Нравилось ей и его длинное, совсем некрасивое, но сильное и умное лицо, и глаза, где-то в глубине продолжавшие оставаться печальными и когда он улыбался, и когда он сердился, как это было вчера, когда она сказала ему, что у нее там, на фронте, бывали приступы злобы на них, генералов, когда в госпиталь день за днем, ночь за ночью продолжали, как по конвейеру, идти всем своим видом вопившие о спасении, изорванные, изрубленные осколками, посиневшие от контузий, истерзанные людские тела. И так каждое наступление...

- Неужели вы не можете воевать как-то иначе, как-то лучше, чтобы всего этого было хоть немного меньше? - спросила она, подумав в эту минуту не только о тех тяжелораненых, которые чаще всего попадали к ней, как к ведущему хирургу, но и о тех двоих, еще ни разу не лежавших вот так ни на чьем операционном столе, о собственных своих сыновьях.

- Видимо, не можем, не способны, - зло ответил он. - И никогда не будем способны сделать так, чтобы у вас работы не было, - добавил он еще злее, сколько бы ни старались. А если думаете, что мало стараемся, делаем хоть на грош меньше того, на что способны, так возьмите и плюньте мне в рожу, чем разговаривать. Какой может быть со мной разговор, раз вы так думаете? - сказал беспощадно, а глаза где-то в самой глубине продолжали оставаться печальными.

- Я так не думаю.

- А не думаете, так не трепитесь на такие темы, от которых и без вас три года душа болит. И будет болеть до последнего дня войны. Или хоть держитесь от них подальше, пока обстановка позволяет.

Ее задело не то, что он оборвал ее и сказал "не трепитесь", а эти последние слова - насчет обстановки. Она услышала в них незаслуженный упрек себе, что находится здесь, в Архангельском, а не на фронте.

- К вашему сведению, - сказала она зло и спокойно, - я неделю назад прошла медицинскую комиссию и написала рапорт: прошу отправить меня снова в армейский госпиталь. Еще какие-нибудь вопросы есть?

- Прошу прощения. - Он ощутил глубину ее обиды. - Может, я выразился по-дурацки, но и вы меня тоже не по-умному поняли. Как могли подумать, что я вам, женщине, сделаю такой упрек? Не знаю, как кто, а я лично считаю, что по гроб обязан каждой женщине, которая пошла на фронт. И был бы рад обойтись без этого. Просто хотел сказать вам, чтоб старались освобождать себя от таких мыслей. Это закон войны, нельзя все время об этом думать.

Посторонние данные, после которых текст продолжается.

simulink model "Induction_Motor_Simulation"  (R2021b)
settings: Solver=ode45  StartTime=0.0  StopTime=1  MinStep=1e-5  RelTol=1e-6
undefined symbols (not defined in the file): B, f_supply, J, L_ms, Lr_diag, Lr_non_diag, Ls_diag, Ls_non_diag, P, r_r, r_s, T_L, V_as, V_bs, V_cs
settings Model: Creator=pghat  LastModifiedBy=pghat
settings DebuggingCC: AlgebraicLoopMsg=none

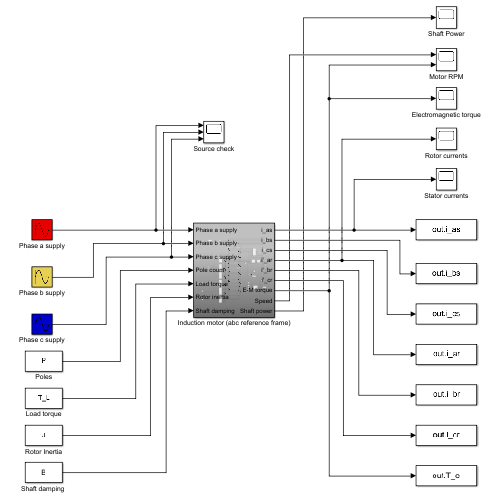
[thumbnail: Simulink's stored preview of the top-level diagram]
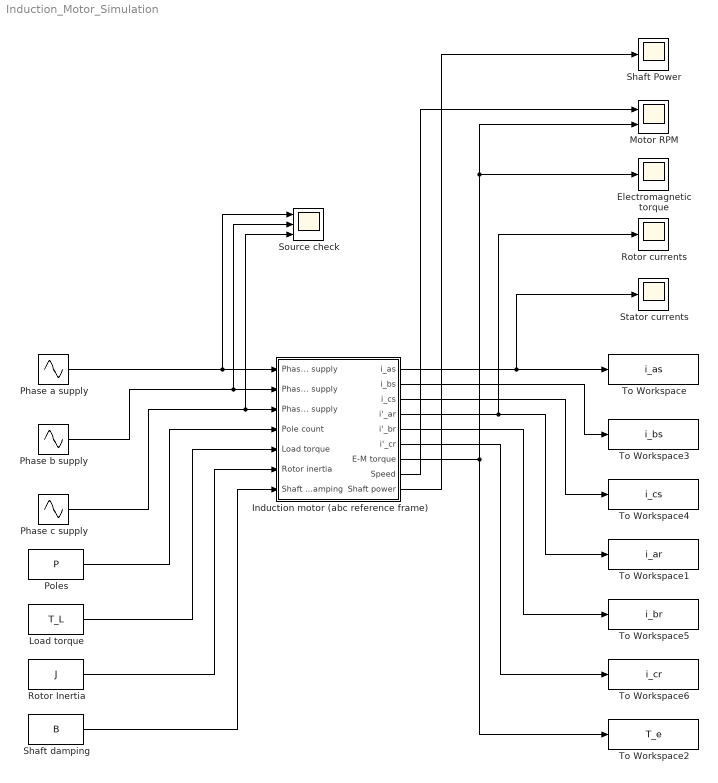
== system Induction_Motor_Simulation ==
  Electromagnetic torque : Scope
  Induction motor (abc reference frame) : Subsystem
  Load torque : Constant  Value=T_L
  Motor RPM : Scope  NumInputPorts=2
  Phase a supply : Sin  Amplitude=V_as  Frequency=f_supply  Phase=pi/2  SampleTime=0
  Phase b supply : Sin  Amplitude=V_bs  Frequency=f_supply  Phase=((2*pi)/3)+(pi/2)  SampleTime=0
  Phase c supply : Sin  Amplitude=V_cs  Frequency=f_supply  Phase=(-(2*pi)/3)+(pi/2)  SampleTime=0
  Poles : Constant  Value=P
  Rotor Inertia : Constant  Value=J
  Rotor currents : Scope
  Shaft Power : Scope
  "Shaft damping " : Constant  Value=B
  Source check : Scope  NumInputPorts=3
  Stator currents : Scope
  To Workspace : ToWorkspace  VariableName=i_as  SampleTime=-1
  To Workspace1 : ToWorkspace  VariableName=i_ar  SampleTime=-1
  To Workspace2 : ToWorkspace  VariableName=T_e  SampleTime=-1
  To Workspace3 : ToWorkspace  VariableName=i_bs  SampleTime=-1
  To Workspace4 : ToWorkspace  VariableName=i_cs  SampleTime=-1
  To Workspace5 : ToWorkspace  VariableName=i_br  SampleTime=-1
  To Workspace6 : ToWorkspace  VariableName=i_cr  SampleTime=-1
  wires:
  Poles/1 -> Induction motor (abc reference frame)/4(Pole count)
  Induction motor (abc reference frame)/4(i'_ar) -> To Workspace1/1, Rotor currents/1
  Induction motor (abc reference frame)/1(i_as) -> To Workspace/1, Stator currents/1
  Induction motor (abc reference frame)/7(E-M torque) -> To Workspace2/1, Motor RPM/2, Electromagnetic torque/1
  Phase a supply/1 -> Source check/1, Induction motor (abc reference frame)/1(Phase a supply)
  Phase b supply/1 -> Source check/2, Induction motor (abc reference frame)/2(Phase b supply)
  Phase c supply/1 -> Source check/3, Induction motor (abc reference frame)/3(Phase c supply)
  Rotor Inertia/1 -> Induction motor (abc reference frame)/6(Rotor inertia)
  Induction motor (abc reference frame)/8(Speed) -> Motor RPM/1
  Load torque/1 -> Induction motor (abc reference frame)/5(Load torque)
  "Shaft damping "/1 -> Induction motor (abc reference frame)/7(Shaft damping)
  Induction motor (abc reference frame)/2(i_bs) -> To Workspace3/1
  Induction motor (abc reference frame)/3(i_cs) -> To Workspace4/1
  Induction motor (abc reference frame)/5(i'_br) -> To Workspace5/1
  Induction motor (abc reference frame)/6(i'_cr) -> To Workspace6/1
  Induction motor (abc reference frame)/9(Shaft power) -> Shaft Power/1

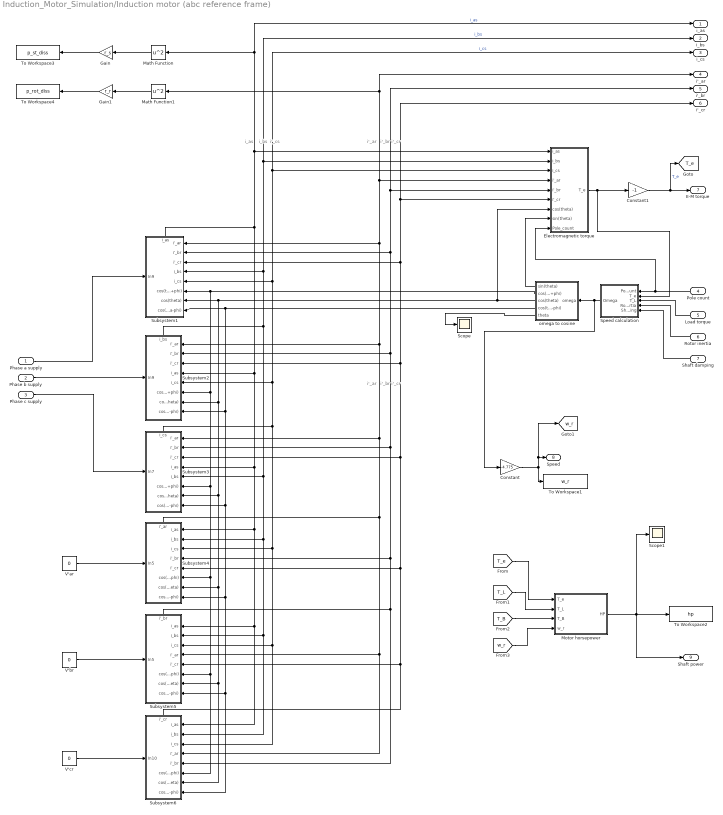
== system Induction_Motor_Simulation/Induction motor (abc reference frame) ==
  note: i'_ar
  note: i'_br
  note: i'_cr
  note: i_as
  note: i_bs
  note: i'_cs
  note: i'_br
  note: i'_ar
  note: i'_cr
  Phase a supply : Inport
  Phase b supply : Inport  Port=2
  Phase c supply : Inport  Port=3
  Pole count : Inport  Port=4
  Load torque : Inport  Port=5
  Rotor inertia : Inport  Port=6
  Shaft damping : Inport  Port=7
  Constant : Gain  Gain=-4.775
  Constant1 : Gain  Gain=-1
  Electromagnetic torque : Subsystem
  Gain : Gain  Gain=r_s
  Gain1 : Gain  Gain=r_r
  Math Function : Math  Operator=square  SaturateOnIntegerOverflow=on
  Math Function1 : Math  Operator=square  SaturateOnIntegerOverflow=on
  Motor horsepower : Subsystem
  Scope : Scope
  Scope1 : Scope
  Speed calculation : Subsystem
  Subsystem1 : Subsystem
      settings: PortSchema="{\"entries\":[{\"content\":{\"sides\":[{\"content\":{\"connectorIds\":[\"In1\",\"In2\",\"In3\",\"In4\",\"In5\",\"In6\",\"In7\",\"In8\"]},\"type\":\"ConnectorPlacement.EquallySpacedRectSide\",\"uuid\":\"ef07c968-7ee2-485d-9f10-a51b04dcb3ba\"},{\"content\":{\"connectorIds\":[\"In9\"],\"side\":\"RIGHT\"},\"type\":\"ConnectorPlacement.EquallySpacedRectSide\",\"uuid\":\"1cfd75a1-6326-417f-a91d-cffa3dd273c8\"},{\"content\":{\"connectorIds\":[\"Out1\"],\"side\":\"TOP\"},\"type\":\"ConnectorPlacement.EquallySpacedRectSide\",\"uuid\":\"a404849e-3712-479f-a728-f0b6851758dc\"}]},\"type\":\"ConnectorPlacement.EquallySpacedConnector\",\"uuid\":\"81e44c3d-c841-4212-bb95-4a45c20bd008\"}],\"packageUris\":[\"http://schema.mathworks.com/mf0/Connector/R2020b\"],\"version\":\"1.0\"}"
  Subsystem2 : Subsystem
      settings: PortSchema="{\"entries\":[{\"content\":{\"sides\":[{\"content\":{\"connectorIds\":[\"In1\",\"In2\",\"In3\",\"In4\",\"In5\",\"In6\",\"In7\",\"In8\"]},\"type\":\"ConnectorPlacement.EquallySpacedRectSide\",\"uuid\":\"ef07c968-7ee2-485d-9f10-a51b04dcb3ba\"},{\"content\":{\"connectorIds\":[\"In9\"],\"side\":\"RIGHT\"},\"type\":\"ConnectorPlacement.EquallySpacedRectSide\",\"uuid\":\"1cfd75a1-6326-417f-a91d-cffa3dd273c8\"},{\"content\":{\"connectorIds\":[\"Out1\"],\"side\":\"TOP\"},\"type\":\"ConnectorPlacement.EquallySpacedRectSide\",\"uuid\":\"a404849e-3712-479f-a728-f0b6851758dc\"}]},\"type\":\"ConnectorPlacement.EquallySpacedConnector\",\"uuid\":\"81e44c3d-c841-4212-bb95-4a45c20bd008\"}],\"packageUris\":[\"http://schema.mathworks.com/mf0/Connector/R2020b\"],\"version\":\"1.0\"}"
  Subsystem3 : Subsystem
      settings: PortSchema="{\"entries\":[{\"content\":{\"sides\":[{\"content\":{\"connectorIds\":[\"In1\",\"In2\",\"In3\",\"In4\",\"In5\",\"In6\",\"In7\",\"In8\"]},\"type\":\"ConnectorPlacement.EquallySpacedRectSide\",\"uuid\":\"ef07c968-7ee2-485d-9f10-a51b04dcb3ba\"},{\"content\":{\"connectorIds\":[\"In9\"],\"side\":\"RIGHT\"},\"type\":\"ConnectorPlacement.EquallySpacedRectSide\",\"uuid\":\"1cfd75a1-6326-417f-a91d-cffa3dd273c8\"},{\"content\":{\"connectorIds\":[\"Out1\"],\"side\":\"TOP\"},\"type\":\"ConnectorPlacement.EquallySpacedRectSide\",\"uuid\":\"a404849e-3712-479f-a728-f0b6851758dc\"}]},\"type\":\"ConnectorPlacement.EquallySpacedConnector\",\"uuid\":\"81e44c3d-c841-4212-bb95-4a45c20bd008\"}],\"packageUris\":[\"http://schema.mathworks.com/mf0/Connector/R2020b\"],\"version\":\"1.0\"}"
  Subsystem4 : Subsystem
      settings: PortSchema="{\"entries\":[{\"content\":{\"sides\":[{\"content\":{\"connectorIds\":[\"In1\",\"In2\",\"In3\",\"In4\",\"In5\",\"In6\",\"In7\",\"In8\"]},\"type\":\"ConnectorPlacement.EquallySpacedRectSide\",\"uuid\":\"ef07c968-7ee2-485d-9f10-a51b04dcb3ba\"},{\"content\":{\"connectorIds\":[\"In9\"],\"side\":\"RIGHT\"},\"type\":\"ConnectorPlacement.EquallySpacedRectSide\",\"uuid\":\"1cfd75a1-6326-417f-a91d-cffa3dd273c8\"},{\"content\":{\"connectorIds\":[\"Out1\"],\"side\":\"TOP\"},\"type\":\"ConnectorPlacement.EquallySpacedRectSide\",\"uuid\":\"a404849e-3712-479f-a728-f0b6851758dc\"}]},\"type\":\"ConnectorPlacement.EquallySpacedConnector\",\"uuid\":\"81e44c3d-c841-4212-bb95-4a45c20bd008\"}],\"packageUris\":[\"http://schema.mathworks.com/mf0/Connector/R2020b\"],\"version\":\"1.0\"}"
  Subsystem5 : Subsystem
      settings: PortSchema="{\"entries\":[{\"content\":{\"sides\":[{\"content\":{\"connectorIds\":[\"In1\",\"In2\",\"In3\",\"In4\",\"In5\",\"In6\",\"In7\",\"In8\"]},\"type\":\"ConnectorPlacement.EquallySpacedRectSide\",\"uuid\":\"0210d93f-9c3f-4c48-b905-c827d03e93dd\"},{\"content\":{\"connectorIds\":[\"In9\"],\"side\":\"RIGHT\"},\"type\":\"ConnectorPlacement.EquallySpacedRectSide\",\"uuid\":\"c736d190-453a-4343-8a19-c27848e7902e\"},{\"content\":{\"connectorIds\":[\"Out1\"],\"side\":\"TOP\"},\"type\":\"ConnectorPlacement.EquallySpacedRectSide\",\"uuid\":\"5fb2e819-973b-468f-b715-ca8a0cef9cb3\"},{\"content\":{\"connectorIds\":[],\"side\":\"BOTTOM\"},\"type\":\"ConnectorPlacement.EquallySpacedRectSide\",\"uuid\":\"5f03be8f-1406-459f-bd04-ec8e4d38f84a\"}]},\"type\":\"ConnectorPlacement.EquallySpacedConnector\",\"uuid\":\"f8abb9ea-f237-42db-8404-f45f7fcbb037\"}],\"packageUris\":[\"http://schema.mathworks.com/mf0/Connector/R2020b\"],\"version\":\"1.0\"}"
  Subsystem6 : Subsystem
      settings: PortSchema="{\"entries\":[{\"content\":{\"sides\":[{\"content\":{\"connectorIds\":[\"In1\",\"In2\",\"In3\",\"In4\",\"In5\",\"In6\",\"In7\",\"In8\"]},\"type\":\"ConnectorPlacement.EquallySpacedRectSide\",\"uuid\":\"0210d93f-9c3f-4c48-b905-c827d03e93dd\"},{\"content\":{\"connectorIds\":[\"In9\"],\"side\":\"RIGHT\"},\"type\":\"ConnectorPlacement.EquallySpacedRectSide\",\"uuid\":\"c736d190-453a-4343-8a19-c27848e7902e\"},{\"content\":{\"connectorIds\":[\"Out1\"],\"side\":\"TOP\"},\"type\":\"ConnectorPlacement.EquallySpacedRectSide\",\"uuid\":\"5fb2e819-973b-468f-b715-ca8a0cef9cb3\"}]},\"type\":\"ConnectorPlacement.EquallySpacedConnector\",\"uuid\":\"f8abb9ea-f237-42db-8404-f45f7fcbb037\"}],\"packageUris\":[\"http://schema.mathworks.com/mf0/Connector/R2020b\"],\"version\":\"1.0\"}"
  To Workspace1 : ToWorkspace  VariableName=w_r  SampleTime=-1
  To Workspace2 : ToWorkspace  VariableName=hp  SampleTime=-1
  To Workspace3 : ToWorkspace  VariableName=p_st_diss  SampleTime=-1
  To Workspace4 : ToWorkspace  VariableName=p_rot_diss  SampleTime=-1
  V'ar : Constant  Value=0
  V'br : Constant  Value=0
  V'cr : Constant  Value=0
  omega to cosine : Subsystem
  i_as : Outport
  i_bs : Outport  Port=2
  i_cs : Outport  Port=3
  i'_ar : Outport  Port=4
  i'_br : Outport  Port=5
  i'_cr : Outport  Port=6
  E-M torque : Outport  Port=7
  Speed : Outport  Port=8
  Shaft power : Outport  Port=9
  tag scope: T_e=global, w_r=global
  wires:
  omega to cosine/1(sin(theta)) -> Electromagnetic torque/8(sin(theta))
  Pole count/1 -> Electromagnetic torque/9(Pole_count), Speed calculation/1(Pole count)
  Electromagnetic torque/1(T_e) -> Speed calculation/2(T_e), Constant1/1
  Constant1/1 -> [T_e], E-M torque/1  "T_e"
  Speed calculation/1(Omega) -> Constant/1, omega to cosine/1(omega)
  Constant/1 -> Speed/1, [w_r], To Workspace1/1
  Rotor inertia/1 -> Speed calculation/4(Rotor Inertia)
  Phase a supply/1 -> Subsystem1/9(In9)
  Phase b supply/1 -> Subsystem2/9(In9)
  Phase c supply/1 -> Subsystem3/9(In7)
  V'ar/1 -> Subsystem4/9(In5)
  V'br/1 -> Subsystem5/9(In5)
  V'cr/1 -> Subsystem6/9(In10)
  Subsystem1/1(i_as) -> Math Function/1, i_as/1, Electromagnetic torque/1(i_as), Subsystem6/1(i_as), Subsystem5/1(i_as), Subsystem4/1(i_as), Subsystem3/4(i_as), Subsystem2/4(i_as)  "i_as"
  Subsystem2/1(i_bs) -> i_bs/1, Electromagnetic torque/2(i_bs), Subsystem1/4(i_bs), Subsystem6/2(i_bs), Subsystem5/2(i_bs), Subsystem4/2(i_bs), Subsystem3/5(i_bs)  "i_bs"
  Subsystem3/1(i_cs) -> Subsystem6/3(i_cs), Subsystem5/3(i_cs), Subsystem4/3(i_cs), i_cs/1, Electromagnetic torque/3(i_cs), Subsystem1/5(i_cs), Subsystem2/5(i_cs)  "i_cs"
  Subsystem5/1(i'_br) -> i'_br/1, Electromagnetic torque/5(i'_br), Subsystem1/2(i'_br), Subsystem2/2(i'_br), Subsystem3/2(i'_br), Subsystem4/4(i'_br), Subsystem6/5(i'_br)
  omega to cosine/2(cos(theta+phi)) -> Subsystem6/6(cos(theta+phi)), Subsystem5/6(cos(theta+phi)), Subsystem4/6(cos(theta+phi)), Subsystem3/6(cos(theta+phi)), Subsystem2/6(cos(theta+phi)), Subsystem1/6(cos(theta+phi))
  omega to cosine/3(cos(theta)) -> Electromagnetic torque/7(cos(theta)), Subsystem5/7(cos(theta)), Subsystem6/7(cos(theta)), Subsystem4/7(cos(theta)), Subsystem3/7(cos(theta)), Subsystem2/7(cos(theta)), Subsystem1/7(cos(theta))
  omega to cosine/4(cos(theta-phi)) -> Subsystem6/8(cos(theta-phi)), Subsystem5/8(cos(theta-phi)), Subsystem4/8(cos(theta-phi)), Subsystem3/8(cos(theta-phi)), Subsystem2/8(cos(theta-phi)), Subsystem1/8(cos(theta-phi))
  Subsystem4/1(i'_ar) -> Math Function1/1, i'_ar/1, Electromagnetic torque/4(i'_ar), Subsystem1/1(i'_ar), Subsystem2/1(i'_ar), Subsystem3/1(i'_ar), Subsystem6/4(i'_ar), Subsystem5/4(i'_ar)
  Subsystem6/1(i'_cr) -> Subsystem5/5(i'_cr), i'_cr/1, Electromagnetic torque/6(i'_cr), Subsystem1/3(i'_cr), Subsystem2/3(i'_cr), Subsystem3/3(i'_cr), Subsystem4/5(i'_cr)
  omega to cosine/5(theta) -> Scope/1
  Shaft damping/1 -> Speed calculation/5(Shaft damping)
  Load torque/1 -> Speed calculation/3(T_L)
  [T_e] -> Motor horsepower/1(T_e)
  [T_L] -> Motor horsepower/2(T_L)
  [T_B] -> Motor horsepower/3(T_B)
  [w_r] -> Motor horsepower/4(w_r)
  Motor horsepower/1(HP) -> Shaft power/1, To Workspace2/1, Scope1/1
  Math Function/1 -> Gain/1
  Math Function1/1 -> Gain1/1
  Gain/1 -> To Workspace3/1
  Gain1/1 -> To Workspace4/1

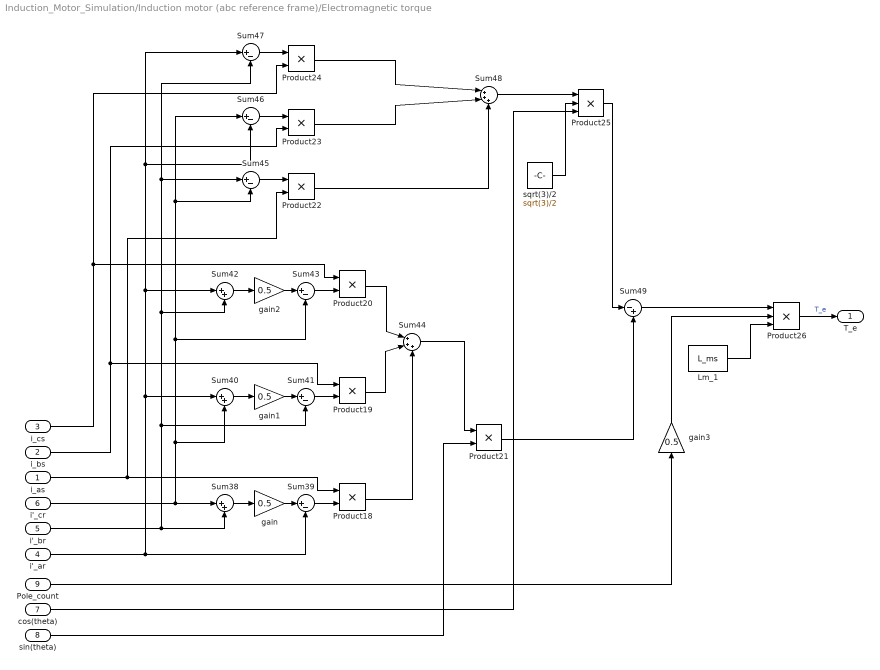
== system Induction_Motor_Simulation/Induction motor (abc reference frame)/Electromagnetic torque ==
  i_as : Inport
  i_bs : Inport  Port=2
  i_cs : Inport  Port=3
  i'_ar : Inport  Port=4
  i'_br : Inport  Port=5
  i'_cr : Inport  Port=6
  cos(theta) : Inport  Port=7
  sin(theta) : Inport  Port=8
  Pole_count : Inport  Port=9
  Lm_1 : Constant  Value=L_ms
  Product{18..24} (7 alike) : Product
  Product25 : Product  Inputs=3
  Product26 : Product  Inputs=3
  Sum38 : Sum  Inputs=|++
  Sum{39,41,43,45..47} (6 alike) : Sum  Inputs=|+-
  Sum40 : Sum  Inputs=|++
  Sum42 : Sum  Inputs=|++
  Sum44 : Sum  Inputs=|+++
  Sum48 : Sum  Inputs=|+++
  Sum49 : Sum  Inputs=|-+
  gain{,1..3} (4 alike) : Gain  Gain=0.5
  sqrt(3)/2 : Constant  Value=sqrt(3)/2
  T_e : Outport
  wires:
  gain/1 -> Sum39/1
  Sum40/1 -> gain1/1
  i_bs/1 -> Product23/2, Product19/1
  Product25/1 -> Sum49/1
  Product24/1 -> Sum48/1
  gain1/1 -> Sum41/1
  Sum46/1 -> Product23/1
  cos(theta)/1 -> Product25/3
  Sum44/1 -> Product21/1
  Sum43/1 -> Product20/2
  Sum38/1 -> gain/1
  Product23/1 -> Sum48/2
  i'_br/1 -> Sum41/2, Sum47/2, Sum45/1, Sum42/2, Sum38/2
  Sum47/1 -> Product24/1
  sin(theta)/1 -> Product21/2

- Хорошо, - сказала она, поверив, что он не отступил перед ее обидой, а действительно думает так, как сказал, и примирительно положила руку поверх его тяжело лежавшего на столе кулака. - Не обиделась. Поняла, вопрос исчерпан... И нечего на меня кулаки сжимать!

Он разжал кулак и усмехнулся.

- Это не на вас. На войну, наверно. - И мягко, другим голосом добавил про то же, о чем говорили до этого: - Вот вы про то, что гоним их к вам на стол. Да, гоним. Но сколько же перед каждой операцией ломаем голову, какая она ни на есть умная или глупая, - над тем, как сделать, чтобы он к вам на стол не попал! Грош цена тому, кто эти слова: "Беречь людей" - только для сотрясения воздуха произносит! Их не говорить, а закладывать в план операции надо! Так у нас, так и у вас, наверно. Разве у вас хорошим врачом считают того, кто громче всех над больным охает?